TNF deficiency induces breach of B cell tolerance by altering the homeostasis of the regulatory signals in activated B cells of lupus prone mice

Abstract

Abstract The induction of autoantibodies and autoimmunity in patients treated with TNF inhibitors (TNFi) is well-known, but the mechanism by which TNFi induce breach of B cell tolerance is not known. TNF deficiency induces TFH and TH17 cell expansions and disrupts germinal centers (GC), that regulate high affinity antigen specific antibody production and autoreactive B cell selection. We found that TNF deficiency in Sle1 mice (Sle1.TNF−/−) induced high titers of germline encoded, T-dependent IgG anti-cardiolipin. Upon treated with TLR9 ligand (DNA/curli amyloid protein), Sle1.TNF−/− mice developed high IgG anti-dsDNA; although CD95+PNA+/GL7lowGC phenotype B cells were induced, they did not form GC nor acquire dark zone phenotype, and their Ig heavy chains accumulated low numbers of mutations.
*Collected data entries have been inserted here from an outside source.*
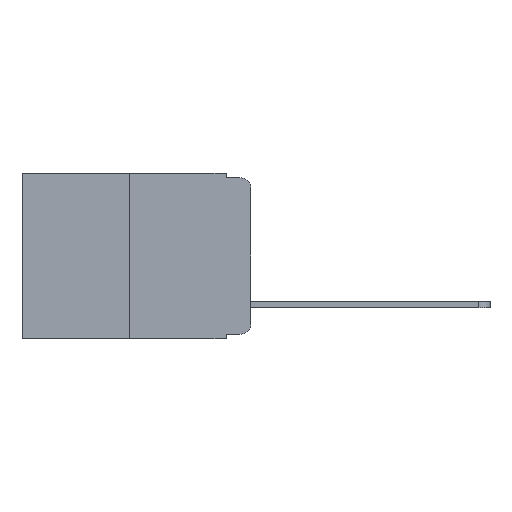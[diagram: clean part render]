
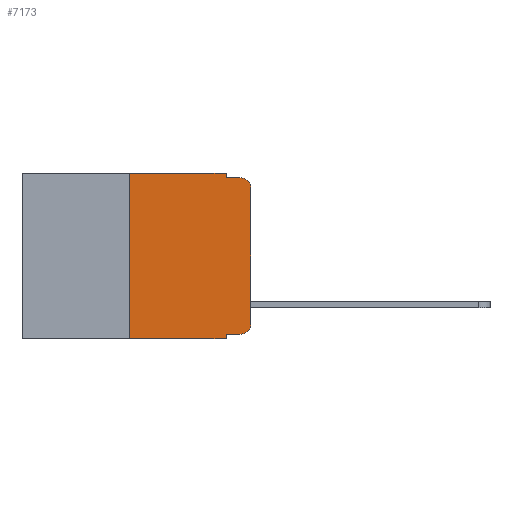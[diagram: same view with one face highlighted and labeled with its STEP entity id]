
A CAD part, left-side view. The second image highlights one B-rep face of the part: STEP entity #7173.
In plain terms, the highlighted planar face has unit normal (-1, 0, 0).
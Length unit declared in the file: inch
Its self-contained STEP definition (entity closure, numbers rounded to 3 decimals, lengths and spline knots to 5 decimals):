
#187 = EDGE_CURVE ( 'NONE', #13665, #13653, #4311, .T. ) ;
#381 = VERTEX_POINT ( 'NONE', #20362 ) ;
#396 = DIRECTION ( 'NONE',  ( 0., 0., -1. ) ) ;
#476 = DIRECTION ( 'NONE',  ( 0., 0., -1. ) ) ;
#805 = CARTESIAN_POINT ( 'NONE',  ( 0., 0., -0.03 ) ) ;
#1352 = ORIENTED_EDGE ( 'NONE', *, *, #19005, .T. ) ;
#1746 = CARTESIAN_POINT ( 'NONE',  ( 0., 0.051, -0.01 ) ) ;
#2190 = CARTESIAN_POINT ( 'NONE',  ( 0., 0.051, -0.333 ) ) ;
#2352 = VERTEX_POINT ( 'NONE', #12907 ) ;
#3207 = AXIS2_PLACEMENT_3D ( 'NONE', #20154, #18376, #7696 ) ;
#3670 = EDGE_CURVE ( 'NONE', #5512, #6232, #13516, .T. ) ;
#4056 = ORIENTED_EDGE ( 'NONE', *, *, #3670, .F. ) ;
#4168 = CARTESIAN_POINT ( 'NONE',  ( 0., 0.051, 0. ) ) ;
#4203 = LINE ( 'NONE', #4168, #22432 ) ;
#4244 = ORIENTED_EDGE ( 'NONE', *, *, #7879, .T. ) ;
#4311 = LINE ( 'NONE', #1746, #12150 ) ;
#4510 = EDGE_CURVE ( 'NONE', #10161, #13653, #19620, .T. ) ;
#4518 = CARTESIAN_POINT ( 'NONE',  ( 0., 0., 0. ) ) ;
#4658 = DIRECTION ( 'NONE',  ( 0., 0., -1. ) ) ;
#4937 = EDGE_CURVE ( 'NONE', #8228, #13665, #4203, .T. ) ;
#5016 = EDGE_CURVE ( 'NONE', #5418, #9436, #9231, .T. ) ;
#5241 = CARTESIAN_POINT ( 'NONE',  ( 0., 0.02, -0.333 ) ) ;
#5418 = VERTEX_POINT ( 'NONE', #5241 ) ;
#5512 = VERTEX_POINT ( 'NONE', #2190 ) ;
#5628 = CARTESIAN_POINT ( 'NONE',  ( 0., 0.051, 0. ) ) ;
#5906 = CARTESIAN_POINT ( 'NONE',  ( 0., 0.051, 0. ) ) ;
#6232 = VERTEX_POINT ( 'NONE', #19186 ) ;
#6460 = CARTESIAN_POINT ( 'NONE',  ( 0., 0.051, -0.333 ) ) ;
#6762 = AXIS2_PLACEMENT_3D ( 'NONE', #13872, #11941, #4658 ) ;
#7065 = EDGE_CURVE ( 'NONE', #2352, #381, #7270, .T. ) ;
#7173 = ADVANCED_FACE ( 'NONE', ( #17118 ), #14804, .F. ) ;
#7247 = DIRECTION ( 'NONE',  ( 0., -1., 0. ) ) ;
#7270 = LINE ( 'NONE', #12947, #17377 ) ;
#7595 = EDGE_CURVE ( 'NONE', #381, #8228, #16493, .T. ) ;
#7648 = DIRECTION ( 'NONE',  ( 0., -1., 0. ) ) ;
#7696 = DIRECTION ( 'NONE',  ( 0., 0., -1. ) ) ;
#7879 = EDGE_CURVE ( 'NONE', #9436, #10161, #13935, .T. ) ;
#7965 = ORIENTED_EDGE ( 'NONE', *, *, #7065, .F. ) ;
#8195 = VECTOR ( 'NONE', #12812, 39.37008 ) ;
#8228 = VERTEX_POINT ( 'NONE', #5906 ) ;
#8385 = AXIS2_PLACEMENT_3D ( 'NONE', #9314, #16459, #396 ) ;
#8644 = VECTOR ( 'NONE', #7247, 39.37008 ) ;
#8919 = EDGE_CURVE ( 'NONE', #2352, #6232, #15589, .T. ) ;
#9231 = CIRCLE ( 'NONE', #8385, 0.02 ) ;
#9314 = CARTESIAN_POINT ( 'NONE',  ( 0., 0.02, -0.313 ) ) ;
#9436 = VERTEX_POINT ( 'NONE', #22134 ) ;
#9443 = CARTESIAN_POINT ( 'NONE',  ( 0., 0.473, -0.343 ) ) ;
#10026 = DIRECTION ( 'NONE',  ( 0., -1., 0. ) ) ;
#10027 = VECTOR ( 'NONE', #13647, 39.37008 ) ;
#10161 = VERTEX_POINT ( 'NONE', #805 ) ;
#10843 = EDGE_LOOP ( 'NONE', ( #4244, #11354, #15044, #13527, #15956, #7965, #21390, #4056, #1352, #17117 ) ) ;
#11084 = CARTESIAN_POINT ( 'NONE',  ( 0., 0.473, 0. ) ) ;
#11096 = VECTOR ( 'NONE', #7648, 39.37008 ) ;
#11354 = ORIENTED_EDGE ( 'NONE', *, *, #4510, .T. ) ;
#11941 = DIRECTION ( 'NONE',  ( -1., 0., 0. ) ) ;
#12150 = VECTOR ( 'NONE', #19650, 39.37008 ) ;
#12812 = DIRECTION ( 'NONE',  ( 0., 0., -1. ) ) ;
#12907 = CARTESIAN_POINT ( 'NONE',  ( 0., 0.25, -0.343 ) ) ;
#12947 = CARTESIAN_POINT ( 'NONE',  ( 0., 0.25, 0. ) ) ;
#13516 = LINE ( 'NONE', #5628, #8195 ) ;
#13527 = ORIENTED_EDGE ( 'NONE', *, *, #4937, .F. ) ;
#13647 = DIRECTION ( 'NONE',  ( 0., 0., 1. ) ) ;
#13653 = VERTEX_POINT ( 'NONE', #22625 ) ;
#13665 = VERTEX_POINT ( 'NONE', #17154 ) ;
#13872 = CARTESIAN_POINT ( 'NONE',  ( 0., 0.02, -0.03 ) ) ;
#13935 = LINE ( 'NONE', #4518, #10027 ) ;
#14804 = PLANE ( 'NONE',  #3207 ) ;
#15044 = ORIENTED_EDGE ( 'NONE', *, *, #187, .F. ) ;
#15589 = LINE ( 'NONE', #9443, #11096 ) ;
#15956 = ORIENTED_EDGE ( 'NONE', *, *, #7595, .F. ) ;
#16459 = DIRECTION ( 'NONE',  ( -1., 0., 0. ) ) ;
#16493 = LINE ( 'NONE', #11084, #8644 ) ;
#17117 = ORIENTED_EDGE ( 'NONE', *, *, #5016, .T. ) ;
#17118 = FACE_OUTER_BOUND ( 'NONE', #10843, .T. ) ;
#17154 = CARTESIAN_POINT ( 'NONE',  ( 0., 0.051, -0.01 ) ) ;
#17377 = VECTOR ( 'NONE', #18056, 39.37008 ) ;
#17402 = VECTOR ( 'NONE', #10026, 39.37008 ) ;
#18056 = DIRECTION ( 'NONE',  ( 0., 0., 1. ) ) ;
#18376 = DIRECTION ( 'NONE',  ( 1., 0., 0. ) ) ;
#19005 = EDGE_CURVE ( 'NONE', #5512, #5418, #21329, .T. ) ;
#19186 = CARTESIAN_POINT ( 'NONE',  ( 0., 0.051, -0.343 ) ) ;
#19620 = CIRCLE ( 'NONE', #6762, 0.02 ) ;
#19650 = DIRECTION ( 'NONE',  ( 0., -1., 0. ) ) ;
#20154 = CARTESIAN_POINT ( 'NONE',  ( 0., 0.473, 0. ) ) ;
#20362 = CARTESIAN_POINT ( 'NONE',  ( 0., 0.25, 0. ) ) ;
#21329 = LINE ( 'NONE', #6460, #17402 ) ;
#21390 = ORIENTED_EDGE ( 'NONE', *, *, #8919, .T. ) ;
#22134 = CARTESIAN_POINT ( 'NONE',  ( 0., 0., -0.313 ) ) ;
#22432 = VECTOR ( 'NONE', #476, 39.37008 ) ;
#22625 = CARTESIAN_POINT ( 'NONE',  ( 0., 0.02, -0.01 ) ) ;

Similarly, without proper GC, GC phenotype B cells were found in the TNFR1/2−/−NZM2328 mice, who developed accelerated lupus, suggesting disturbed GC by TNF deficiency dysregulated GC phenotype B cell selection. Using an antibody to Neu5Gc (N-Glycolylneuraminic acid, a CD22 high affinity ligand which is the hydrolyzed product of GL7 ligand, N-acetylneuraminic acid, Neu5Ac), we found that GC phenotype B cells from TNF deficient mice failed to stop hydrolyzing Neu5Ac to Neu5Gc, suggesting a failure in recruitment of CD22 to the BCR complex upon activation. Furthermore, activated B cells from Sle1.TNF−/− mice constitutively expressed high level of pS6 and SHIP-1; whereas, additional stimulants, anti-Ig and/or anti-CD40, were required to induce pS6 expression in those of the Sle1 mice. Here, we report a possible mechanism by which TNF deficiency alters the homeostasis of regulatory molecules such as CD22 and FcgRIIB, and thus activated B cell selection.